Listing 3. Code Left in Normal Execution Path
As expected, there are two sections named .fixup and __ex_table. objdump also shows us the code which remains in the normal path of execution. Looking at Listing 3, we can see that the whole user memory access is reduced to just 12 machine instructions. The code originally bracketed with the .section directives is now in the section .fixup:
c01a16bf <.fixup+17b3> movl $0xfffffff2,%edx c01a16c4 <.fixup+17b8> xorl %ecx,%ecx c01a16c6 <.fixup+17ba> jmp c018fafd <rs_ioctl+359>
The ELF section __ex_table contains pairs of addresses bracketed by <>: the faulting instruction address and the matching fixup code address. In our example, we expect the pair <c018fafb,c01a16bf>. Using the command:
objdump --section=__ex_table --full-contents\ vmlinuxand a small program to swap bytes from internal representation to a human-readable form gives us this output:
c018f292 c01a1699 c018f51d c01a16a5 c018f5a5 c01a16ad c018fad0 c01a16b5 c018fafb c01a16bf c018fc5b c01a16cb c018fd02 c01a16d5 c018fd72 c01a16e1 c018ff5a c01a16e9 c018ff7b c01a16f3Now we have all the pieces we need to assemble the final picture. When the kernel accesses an invalid address in user space, the MMU generates a page-fault exception. This exception is handled by the page-fault handler do_page_fault in the C file arch/i386/mm/fault.c. do_page_fault first obtains the unaccessible address from the CPU control register CR2. It then looks for a VMA in the current process mappings that contains the invalid address. If such a VMA exists, the address is within the virtual address space of the current process. The fault probably occurred, because the page was not swapped in or was write protected. In this case, the Linux memory manager takes appropriate action. However, we are more interested in the case in which the address is not valid—there is no VMA that contains the address. In this case, the kernel jumps to the bad_area label.

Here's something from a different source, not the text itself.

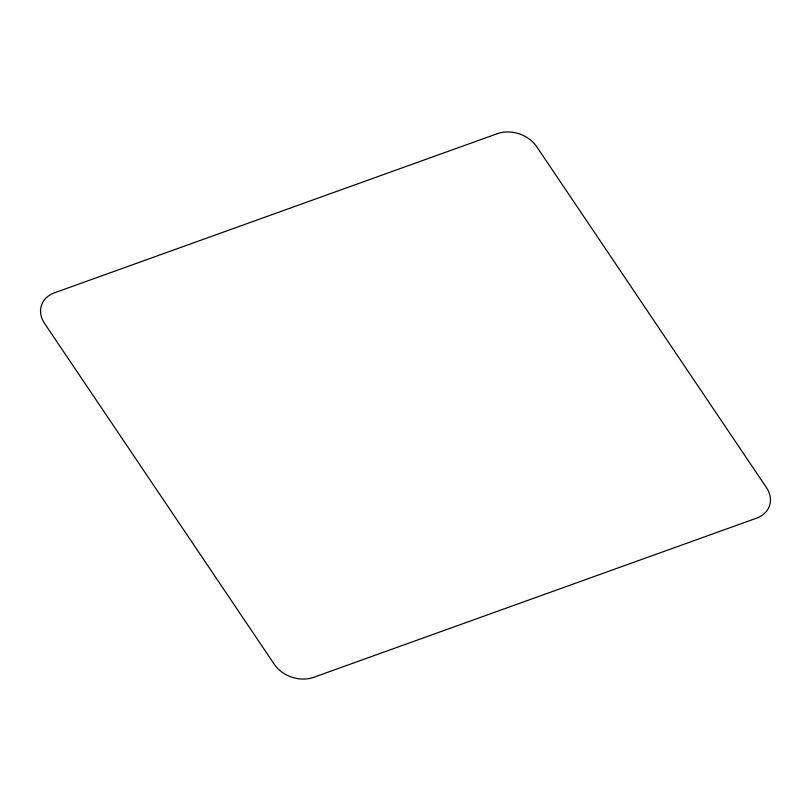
<?xml version="1.0" encoding="UTF-8"?>
<svg xmlns="http://www.w3.org/2000/svg" width="811" height="811" viewBox="0 0 811 811"><rect width="100%" height="100%" fill="white"/><g stroke="black" fill="none" stroke-linecap="round" stroke-linejoin="round"><path stroke-width="1.22" d="M497.356 133.663L54.499 292.812A29.287 22.799 19 0 0 44.615 323.508L274.311 664.331A29.287 22.799 19 0 0 313.644 677.337L756.501 518.188A29.287 22.799 19 0 0 766.385 487.492L536.689 146.669A29.287 22.799 19 0 0 497.356 133.663"/></g></svg>

At this point, the kernel calls the function search_exception_table to look for an address at which the execution can safely continue (fixup). Since every faulting instruction has an associated fixup handler, this function uses the value in regs->eip as a search key.
Loadable kernel modules in Linux complicate matters. After insertion at runtime, they are effectively part of the running kernel and can access user memory just as any other part of the kernel. For that reason, they have to be integrated into the exception-handling process. Kernel modules must provide their own exception tables. On insertion, the exception table of a module gets registered with the kernel. Then search_exception_table can look through all of the registered tables, performing a binary search for the faulting instruction.
To access the start and the end of an exception table, we use a feature of the linker which resolves a symbol name consisting of the name of a section prepended with __start__ or __stop__ to the start or end address of the section in question. This feature allows us to access the exception table from C code. If search_exception_table finds the address of the faulting instruction, it returns the address of the matching fixup code. do_page_fault then sets its own return address to the fixup code and returns. In this way, the exception handler gets executed. The exception handler sets the value we tried to get to 0 and the return value of the get_user macro to -EFAULT. Then it jumps back to the address immediately after the failed user memory access. It is the task of the surrounding code to report the failure back to the user application.
The new user access scheme implemented in the 2.1 development kernels of Linux provides an efficient and easy-to-use way to copy data from and to the kernel address space. The added overhead for the average, error-free case is close to zero. Because access and test for accessibility are atomic, the original problem with multi-threaded applications is resolved. This solution meets all four of our requirements.